Circle CEO Jeremy Allaire: „Kryptobranche braucht dringend gesetzliche Klarheit“

Jeremy Allaire ist der Meinung, dass die Kryptobranche endlich gesetzliche Klarheit braucht, außerdem wären bisherige rechtliche Definitionen für Kryptowährungen zu breit gefasst, wie der Geschäftsführer des Zahlungsdienstleisters Circle am 20. Mai in einem Blog-Eintrag geschrieben hat.

Allaires Aufforderung zur Krypto-Regulierung steht wohl im Zusammenhang mit der jüngsten Entscheidung der Kryptobörse Poloniex, die wiederum seiner Firma Circle angehört. Die Poloniex sieht sich nämlich gezwungen, sogenanntes „Geofencing“ zu betreiben, was wiederum bedeutet, dass sie bestimmte Coins auf Grund der ungewissen Rechtslage nicht länger für Kunden innerhalb der USA anbieten kann.

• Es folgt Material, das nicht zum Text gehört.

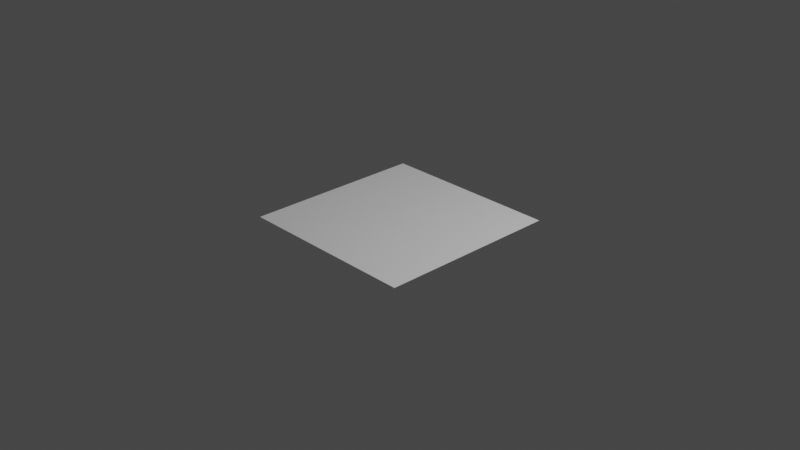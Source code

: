 # Source: Map1.blend  (saved by Blender 2.82.7; exported with 4.5.12 LTS)
import bpy
from mathutils import Matrix  # noqa: F401  (used for matrix-valued properties, if any)

bpy.ops.wm.read_factory_settings(use_empty=True)
scene = bpy.context.scene
scene.name = 'Scene'

# ---- collections
col_collection = bpy.data.collections.new('Collection'); scene.collection.children.link(col_collection)

# ---- world
world_world = bpy.data.worlds.new('World'); scene.world = world_world
world_world.use_nodes = True; world_world.node_tree.nodes.clear()
_N = world_world.node_tree.nodes; _L = world_world.node_tree.links
n0 = _N.new('ShaderNodeOutputWorld'); n0.name = 'World Output'; n0.location = (300, 300)
n1 = _N.new('ShaderNodeBackground'); n1.name = 'Background'; n1.location = (10, 300)
n1.inputs[0].default_value = (0.05088, 0.05088, 0.05088, 1.0)
_L.new(n1.outputs[0], n0.inputs[0])
n0.is_active_output = True
world_world.color = (0.05088, 0.05088, 0.05088)
world_world.use_sun_shadow = False
world_world.sun_shadow_jitter_overblur = 0.0

# ---- cameras
cam_camera = bpy.data.cameras.new('Camera')
cam_camera.clip_end = 100.0
cam_camera.ortho_scale = 7.314

# ---- lights
light_light = bpy.data.lights.new('Light', 'POINT')
light_light.transmission_factor = 0.0
light_light.energy = 1000.0
light_light.shadow_soft_size = 0.1
light_light.shadow_maximum_resolution = 0.006
light_light.use_absolute_resolution = True

# ---- meshes
me_landscape = bpy.data.meshes.new('Landscape')
me_landscape.from_pydata([(-1.0, -1.0, 0.0), (-1.0, -0.5, 0.0), (-1.0, 0.0, 0.0), (-1.0, 0.5, 0.0), (-1.0, 1.0, 0.0), (-0.5, -1.0, 0.0), (-0.5, -0.5, 0.0), (-0.5, 0.0, 0.0), (-0.5, 0.5, 0.0), (-0.5, 1.0, 0.0), (0.0, -1.0, 0.0), (0.0, -0.5, 0.0), (0.0, 0.0, 0.0), (0.0, 0.5, 0.0), (0.0, 1.0, 0.0), (0.5, -1.0, 0.0), (0.5, -0.5, 0.0), (0.5, 0.0, 0.0), (0.5, 0.5, 0.0), (0.5, 1.0, 0.0), (1.0, -1.0, 0.0), (1.0, -0.5, 0.0), (1.0, 0.0, 0.0), (1.0, 0.5, 0.0), (1.0, 1.0, 0.0)], [], [(1, 0, 5, 6), (2, 1, 6, 7), (3, 2, 7, 8), (4, 3, 8, 9), (6, 5, 10, 11), (7, 6, 11, 12), (8, 7, 12, 13), (9, 8, 13, 14), (11, 10, 15, 16), (12, 11, 16, 17), (13, 12, 17, 18), (14, 13, 18, 19), (16, 15, 20, 21), (17, 16, 21, 22), (18, 17, 22, 23), (19, 18, 23, 24)])
me_landscape.use_remesh_fix_poles = True
me_landscape.use_remesh_preserve_attributes = False
me_landscape.use_mirror_vertex_groups = False
me_landscape.update()

# ---- objects
ob_light = bpy.data.objects.new('Light', light_light)
ob_camera = bpy.data.objects.new('Camera', cam_camera)
ob_landscape = bpy.data.objects.new('Landscape', me_landscape)

# ---- transforms, parenting, visibility, modifiers, constraints
ob_light.location = (4.076, 1.005, 5.904)
ob_light.rotation_euler = (0.6503, 0.05522, 1.866)
ob_light.lock_rotations_4d = False
ob_light.empty_display_type = 'ARROWS'
ob_light.color = (0.0, 0.0, 0.0, 0.0)
ob_light.lineart.crease_threshold = 0.0
ob_camera.location = (7.359, -6.926, 4.958)
ob_camera.rotation_euler = (1.109, 0.0, 0.8149)
ob_camera.lock_rotations_4d = False
ob_camera.empty_display_type = 'ARROWS'
ob_camera.color = (0.0, 0.0, 0.0, 0.0)
ob_camera.display_type = 'WIRE'
ob_camera.lineart.crease_threshold = 0.0
ob_landscape.location = (0.0, 0.0, 0.0)
ob_landscape.lineart.crease_threshold = 0.0

# ---- collection membership
col_collection.objects.link(ob_light)
col_collection.objects.link(ob_camera)
col_collection.objects.link(ob_landscape)

# ---- scene / render settings (as saved in the file)
scene.camera = ob_camera
scene.frame_start = 1; scene.frame_end = 250; scene.frame_set(1)
scene.render.engine = 'BLENDER_EEVEE_NEXT'
scene.cycles.use_denoising = False
scene.cycles.samples = 128
scene.cycles.sampling_pattern = 'TABULATED_SOBOL'
scene.cycles.use_adaptive_sampling = False
scene.cycles.use_light_tree = False
scene.view_settings.view_transform = 'Filmic'
bpy.context.view_layer.update()

In seinem Blog-Eintrag argumentiert Allaire, dass Digitale Vermögenswerte eine völlig neue Anlageklasse darstellen und weder Wertpapiere noch Handelswaren oder Währungen sind. Die US-Börsenaufsicht SEC, die bisher den Löwenanteil der Krypto-Regulierung übernommen hat, wäre auf Grund ihrer Ausrichtung „dazu gezwungen“, Kryptowährungen automatisch als Wertpapiere einstufen zu müssen, um überhaupt handlungsbefugt zu sein. Hier sieht Allaire jedoch die Krux, da die bestehenden Gesetze seiner Meinung nach nicht in der Lage sind, den Kryptowährungen Genüge zu tun. Dahingehend führt er aus:

„Wir fordern den Gesetzgeber auf, das einzigartige wirtschaftliche Potenzial dieser Innovation zu nutzen und endlich aktiv zu werden, um Kryptowährungen und Blockchain gedeihen zu lassen. Wir sind uns sicher, dass die Politik das Wirtschaftswachstum fördern will und wollen ihr dabei helfen, diese Chance wahrzunehmen.“

Wie zuvor berichtet, wurde ein Gesetzentwurf zur rechtlichen Definition von Kryptowährungen erneut im US-Parlament eingegeben. Ziel des Entwurfes ist es, dass Digitalwährungen nicht länger als Wertpapiere eingestuft werden, gleichsam sieht er vor, dass Krypto-Transaktionen unter 600 US-Dollar von der Besteuerung befreit werden.

Dies würde Kryptowährungen dabei helfen, sich als tatsächliches Zahlungsmittel etablieren zu können, denn wie Jerry Brito von Coin Center erklärt, müssen etwaige Kapitalerträge versteuert werden, die schon bei einfachsten Transaktionen entstehen könnten, wie zum Beispiel beim Kauf eines Laptops.

Wie Cointelegraph gestern berichtet hat, hat das amerikanische Finanzamt IRS einen Leitfaden zur Versteuerung von Kryptowährungen herausgebracht. IRS Chef Charles Rettig gibt an, dass sich seine Behörde „zum Ziel gesetzt hat“, die Bevölkerung entsprechend aufzuklären. Im Leitfaden sollen unter anderem Berechnungsgrundlagen und die steuerliche Einordnung der Krypto-Vermögenswerte offengelegt werden.